Boeing manufactures a jet aircraft at a cost of $50 million. The usual selling price for this aircraft is $60 million, and its typical useful life is 25 years. United Airlines desires to lease this aircraft from Boeing. The parties contemplate the following alternatives for structuring the lease. Indicate whether each arrangement qualifies as an operating lease or a capital lease under the current/old rules. Assume that all cash flows occur at the end of each year.

    a. United Airlines will lease the aircraft for 20 years at an annual rental of $6 million. At the end of 20 years, United will return the aircraft to Boeing. The interest rate appropriate to a 20-year collateralized loan for United Airlines is 10%.

    b. United Airlines will lease the aircraft for 15 years at an annual rental of $7.2 million. At the end of 15 years, United Airlines will return the aircraft to Boeing.

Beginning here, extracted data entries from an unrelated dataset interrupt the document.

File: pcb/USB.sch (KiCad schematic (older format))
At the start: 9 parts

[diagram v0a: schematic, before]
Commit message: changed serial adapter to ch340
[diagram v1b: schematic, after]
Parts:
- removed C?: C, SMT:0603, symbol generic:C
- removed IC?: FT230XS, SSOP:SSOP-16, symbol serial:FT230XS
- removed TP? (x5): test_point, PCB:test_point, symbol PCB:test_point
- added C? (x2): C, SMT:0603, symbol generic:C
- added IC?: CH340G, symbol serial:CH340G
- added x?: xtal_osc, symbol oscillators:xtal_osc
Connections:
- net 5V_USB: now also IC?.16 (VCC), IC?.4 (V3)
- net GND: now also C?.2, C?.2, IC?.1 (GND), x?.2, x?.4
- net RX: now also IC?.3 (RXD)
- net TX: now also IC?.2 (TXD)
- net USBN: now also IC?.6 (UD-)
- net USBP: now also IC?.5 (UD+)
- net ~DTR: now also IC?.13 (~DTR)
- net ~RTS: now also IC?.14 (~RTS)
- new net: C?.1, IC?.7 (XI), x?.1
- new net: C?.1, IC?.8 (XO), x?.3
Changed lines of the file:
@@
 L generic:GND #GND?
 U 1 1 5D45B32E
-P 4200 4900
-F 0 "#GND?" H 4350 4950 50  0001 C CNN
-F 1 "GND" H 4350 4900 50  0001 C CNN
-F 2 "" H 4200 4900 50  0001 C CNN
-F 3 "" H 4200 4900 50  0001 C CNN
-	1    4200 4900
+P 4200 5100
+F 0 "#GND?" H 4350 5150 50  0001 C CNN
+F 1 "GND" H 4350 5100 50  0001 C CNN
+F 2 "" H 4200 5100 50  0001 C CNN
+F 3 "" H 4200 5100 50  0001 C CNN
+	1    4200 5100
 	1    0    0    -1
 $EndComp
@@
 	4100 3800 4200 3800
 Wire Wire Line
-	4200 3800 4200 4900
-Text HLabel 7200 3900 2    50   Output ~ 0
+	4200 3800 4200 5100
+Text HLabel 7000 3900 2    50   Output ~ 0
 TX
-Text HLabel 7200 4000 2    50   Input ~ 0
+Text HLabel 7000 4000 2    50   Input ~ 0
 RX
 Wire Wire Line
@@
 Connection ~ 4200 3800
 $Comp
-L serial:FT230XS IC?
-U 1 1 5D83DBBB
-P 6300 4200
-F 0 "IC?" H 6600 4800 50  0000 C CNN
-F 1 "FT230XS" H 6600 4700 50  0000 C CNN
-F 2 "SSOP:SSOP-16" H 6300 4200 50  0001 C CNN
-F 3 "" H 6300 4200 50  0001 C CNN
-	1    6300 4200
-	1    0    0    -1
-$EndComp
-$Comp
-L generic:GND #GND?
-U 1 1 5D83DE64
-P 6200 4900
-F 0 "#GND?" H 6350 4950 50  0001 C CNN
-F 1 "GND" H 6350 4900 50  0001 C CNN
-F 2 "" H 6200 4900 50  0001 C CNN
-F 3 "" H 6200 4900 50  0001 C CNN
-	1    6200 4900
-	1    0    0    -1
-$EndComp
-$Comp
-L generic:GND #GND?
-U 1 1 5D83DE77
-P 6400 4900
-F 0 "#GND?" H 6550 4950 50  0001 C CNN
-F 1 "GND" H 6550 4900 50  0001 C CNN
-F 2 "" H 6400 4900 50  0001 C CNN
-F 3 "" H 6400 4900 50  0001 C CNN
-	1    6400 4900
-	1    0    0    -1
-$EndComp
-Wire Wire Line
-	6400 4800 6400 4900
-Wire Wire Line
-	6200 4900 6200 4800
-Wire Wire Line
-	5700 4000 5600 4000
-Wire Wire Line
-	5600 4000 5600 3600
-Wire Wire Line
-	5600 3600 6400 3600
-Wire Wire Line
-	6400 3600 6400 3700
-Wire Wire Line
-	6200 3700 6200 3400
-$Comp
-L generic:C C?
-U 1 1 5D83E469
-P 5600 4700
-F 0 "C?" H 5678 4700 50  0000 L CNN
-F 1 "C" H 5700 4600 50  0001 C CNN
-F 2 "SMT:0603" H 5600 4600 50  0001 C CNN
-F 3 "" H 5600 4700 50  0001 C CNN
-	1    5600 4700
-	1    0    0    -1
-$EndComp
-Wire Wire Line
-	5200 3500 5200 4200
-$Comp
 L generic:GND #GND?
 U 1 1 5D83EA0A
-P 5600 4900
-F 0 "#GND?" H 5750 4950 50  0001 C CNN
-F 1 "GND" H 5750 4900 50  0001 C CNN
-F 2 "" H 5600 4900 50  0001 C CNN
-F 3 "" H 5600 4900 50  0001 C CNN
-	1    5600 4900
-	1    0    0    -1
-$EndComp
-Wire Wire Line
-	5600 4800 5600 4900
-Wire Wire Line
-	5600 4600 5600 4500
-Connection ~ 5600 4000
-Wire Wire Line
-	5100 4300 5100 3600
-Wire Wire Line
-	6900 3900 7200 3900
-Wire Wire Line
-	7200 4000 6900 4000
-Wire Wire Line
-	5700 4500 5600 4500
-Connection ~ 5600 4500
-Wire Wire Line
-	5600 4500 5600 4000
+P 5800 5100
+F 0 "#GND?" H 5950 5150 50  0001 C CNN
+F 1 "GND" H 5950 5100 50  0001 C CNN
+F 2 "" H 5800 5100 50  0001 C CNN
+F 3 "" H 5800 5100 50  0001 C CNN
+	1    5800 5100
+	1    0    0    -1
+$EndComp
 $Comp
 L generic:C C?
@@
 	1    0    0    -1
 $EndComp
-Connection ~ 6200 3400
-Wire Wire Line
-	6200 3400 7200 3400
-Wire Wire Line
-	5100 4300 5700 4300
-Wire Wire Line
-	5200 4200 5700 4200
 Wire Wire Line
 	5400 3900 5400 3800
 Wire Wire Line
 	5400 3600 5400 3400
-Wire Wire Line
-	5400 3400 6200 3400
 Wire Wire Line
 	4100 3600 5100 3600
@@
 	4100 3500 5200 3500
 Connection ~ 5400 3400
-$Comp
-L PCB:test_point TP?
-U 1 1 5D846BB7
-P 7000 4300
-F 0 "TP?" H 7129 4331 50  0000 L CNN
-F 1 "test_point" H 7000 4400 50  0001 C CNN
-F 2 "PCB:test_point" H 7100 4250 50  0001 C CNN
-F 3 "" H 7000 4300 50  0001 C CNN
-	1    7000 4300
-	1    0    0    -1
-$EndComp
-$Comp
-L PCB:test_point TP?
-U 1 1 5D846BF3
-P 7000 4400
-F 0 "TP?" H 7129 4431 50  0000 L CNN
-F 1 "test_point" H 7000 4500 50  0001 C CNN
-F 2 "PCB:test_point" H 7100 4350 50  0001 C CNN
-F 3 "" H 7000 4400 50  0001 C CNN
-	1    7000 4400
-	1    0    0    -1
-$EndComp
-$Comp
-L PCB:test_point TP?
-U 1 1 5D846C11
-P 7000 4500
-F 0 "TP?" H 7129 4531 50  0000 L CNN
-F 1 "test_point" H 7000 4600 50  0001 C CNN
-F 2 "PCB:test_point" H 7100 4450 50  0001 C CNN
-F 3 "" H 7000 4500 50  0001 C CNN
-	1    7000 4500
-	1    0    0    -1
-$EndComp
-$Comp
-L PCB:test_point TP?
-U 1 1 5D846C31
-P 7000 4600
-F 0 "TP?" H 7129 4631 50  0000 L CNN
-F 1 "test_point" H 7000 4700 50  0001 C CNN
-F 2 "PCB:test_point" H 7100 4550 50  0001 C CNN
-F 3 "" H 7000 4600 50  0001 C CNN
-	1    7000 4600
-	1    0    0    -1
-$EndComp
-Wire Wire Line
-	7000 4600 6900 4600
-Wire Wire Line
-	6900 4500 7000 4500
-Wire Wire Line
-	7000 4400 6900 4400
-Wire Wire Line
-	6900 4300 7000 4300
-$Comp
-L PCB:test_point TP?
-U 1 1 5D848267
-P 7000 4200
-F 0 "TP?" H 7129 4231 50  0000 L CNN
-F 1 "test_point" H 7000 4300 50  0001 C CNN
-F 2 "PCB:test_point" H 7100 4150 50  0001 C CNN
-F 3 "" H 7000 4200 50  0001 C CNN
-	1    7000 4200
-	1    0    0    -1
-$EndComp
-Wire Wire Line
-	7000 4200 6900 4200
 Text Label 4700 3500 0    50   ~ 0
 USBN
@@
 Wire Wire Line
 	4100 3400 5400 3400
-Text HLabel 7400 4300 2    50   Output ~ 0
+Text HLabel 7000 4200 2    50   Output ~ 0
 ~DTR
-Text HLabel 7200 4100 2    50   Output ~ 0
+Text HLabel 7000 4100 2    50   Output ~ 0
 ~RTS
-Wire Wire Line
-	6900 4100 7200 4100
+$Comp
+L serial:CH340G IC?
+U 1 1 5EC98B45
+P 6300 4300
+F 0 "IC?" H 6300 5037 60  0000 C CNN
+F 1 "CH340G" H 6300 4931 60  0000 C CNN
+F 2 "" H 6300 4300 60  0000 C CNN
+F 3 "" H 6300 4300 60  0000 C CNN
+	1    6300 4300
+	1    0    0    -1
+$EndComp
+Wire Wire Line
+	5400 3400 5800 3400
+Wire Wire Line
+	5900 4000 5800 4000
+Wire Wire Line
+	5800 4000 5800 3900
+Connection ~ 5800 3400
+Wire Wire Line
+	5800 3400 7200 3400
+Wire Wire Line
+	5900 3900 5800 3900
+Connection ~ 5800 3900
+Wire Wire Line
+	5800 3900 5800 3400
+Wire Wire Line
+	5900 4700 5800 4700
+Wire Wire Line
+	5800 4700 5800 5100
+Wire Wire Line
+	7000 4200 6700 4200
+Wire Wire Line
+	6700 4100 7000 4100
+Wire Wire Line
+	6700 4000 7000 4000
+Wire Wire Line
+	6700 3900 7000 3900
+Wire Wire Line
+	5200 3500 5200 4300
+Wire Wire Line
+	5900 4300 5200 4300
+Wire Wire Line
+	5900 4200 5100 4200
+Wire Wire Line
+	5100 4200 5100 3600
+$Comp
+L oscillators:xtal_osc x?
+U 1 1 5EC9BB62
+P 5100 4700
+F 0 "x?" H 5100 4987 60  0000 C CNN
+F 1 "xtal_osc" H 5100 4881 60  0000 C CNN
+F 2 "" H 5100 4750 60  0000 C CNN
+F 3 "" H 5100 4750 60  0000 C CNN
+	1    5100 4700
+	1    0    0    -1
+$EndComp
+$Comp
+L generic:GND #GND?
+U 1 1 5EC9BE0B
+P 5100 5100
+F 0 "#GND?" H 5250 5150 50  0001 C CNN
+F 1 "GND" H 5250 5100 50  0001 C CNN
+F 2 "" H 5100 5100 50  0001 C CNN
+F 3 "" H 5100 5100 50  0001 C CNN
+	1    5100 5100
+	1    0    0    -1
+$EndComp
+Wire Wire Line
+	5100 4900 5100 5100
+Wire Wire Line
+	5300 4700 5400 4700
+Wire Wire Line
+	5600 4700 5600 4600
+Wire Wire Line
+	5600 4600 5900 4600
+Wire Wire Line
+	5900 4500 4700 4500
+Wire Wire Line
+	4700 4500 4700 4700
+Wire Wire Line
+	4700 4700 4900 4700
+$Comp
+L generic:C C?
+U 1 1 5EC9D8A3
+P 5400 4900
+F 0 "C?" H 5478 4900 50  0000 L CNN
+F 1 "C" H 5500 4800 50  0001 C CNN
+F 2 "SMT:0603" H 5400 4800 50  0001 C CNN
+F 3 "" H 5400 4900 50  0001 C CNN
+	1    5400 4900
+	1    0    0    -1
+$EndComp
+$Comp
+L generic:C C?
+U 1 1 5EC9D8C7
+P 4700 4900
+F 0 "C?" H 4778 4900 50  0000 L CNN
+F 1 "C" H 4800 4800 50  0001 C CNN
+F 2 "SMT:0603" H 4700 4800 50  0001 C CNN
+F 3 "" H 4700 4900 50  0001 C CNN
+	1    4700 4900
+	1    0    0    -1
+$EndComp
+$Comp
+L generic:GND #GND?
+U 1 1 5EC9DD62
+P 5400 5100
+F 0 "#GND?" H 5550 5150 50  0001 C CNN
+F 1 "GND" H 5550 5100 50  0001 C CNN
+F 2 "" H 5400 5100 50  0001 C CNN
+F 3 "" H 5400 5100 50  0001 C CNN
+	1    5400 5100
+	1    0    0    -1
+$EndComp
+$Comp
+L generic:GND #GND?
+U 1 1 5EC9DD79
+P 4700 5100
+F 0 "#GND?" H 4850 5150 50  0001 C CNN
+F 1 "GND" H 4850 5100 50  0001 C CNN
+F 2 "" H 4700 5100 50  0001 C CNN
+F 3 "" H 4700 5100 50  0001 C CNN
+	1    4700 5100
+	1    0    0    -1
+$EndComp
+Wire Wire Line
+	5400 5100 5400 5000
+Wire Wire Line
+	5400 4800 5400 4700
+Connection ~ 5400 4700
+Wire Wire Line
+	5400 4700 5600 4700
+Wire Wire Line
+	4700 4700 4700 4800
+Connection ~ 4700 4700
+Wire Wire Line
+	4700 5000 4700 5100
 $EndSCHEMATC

The interest rate appropriate for a 15-year collateralized loan for United Airlines is 10%.      
c. United Airlines will lease the aircraft for 10 years at an annual rental of $5.5 million. At the end of 10 years, United Airlines has the option of returning the aircraft to Boeing or purchasing it for $55 million. The interest rate appropriate for a 10-year collateralized loan for United Airlines is 8%.

    d. United Airlines will lease the aircraft for 18 years at an annual rental of $6.2 million and will return the aircraft at the end of the lease term. In addition, United Airlines will pay a fee of $1,500 per hour for each hour over 5,000 hours per year that United Airlines flies the aircraft. United Airlines’ average usage of its aircraft is currently 6,200 hours per year. The interest rate appropriate for an 18-year collateralized loan for United Airlines is 10%.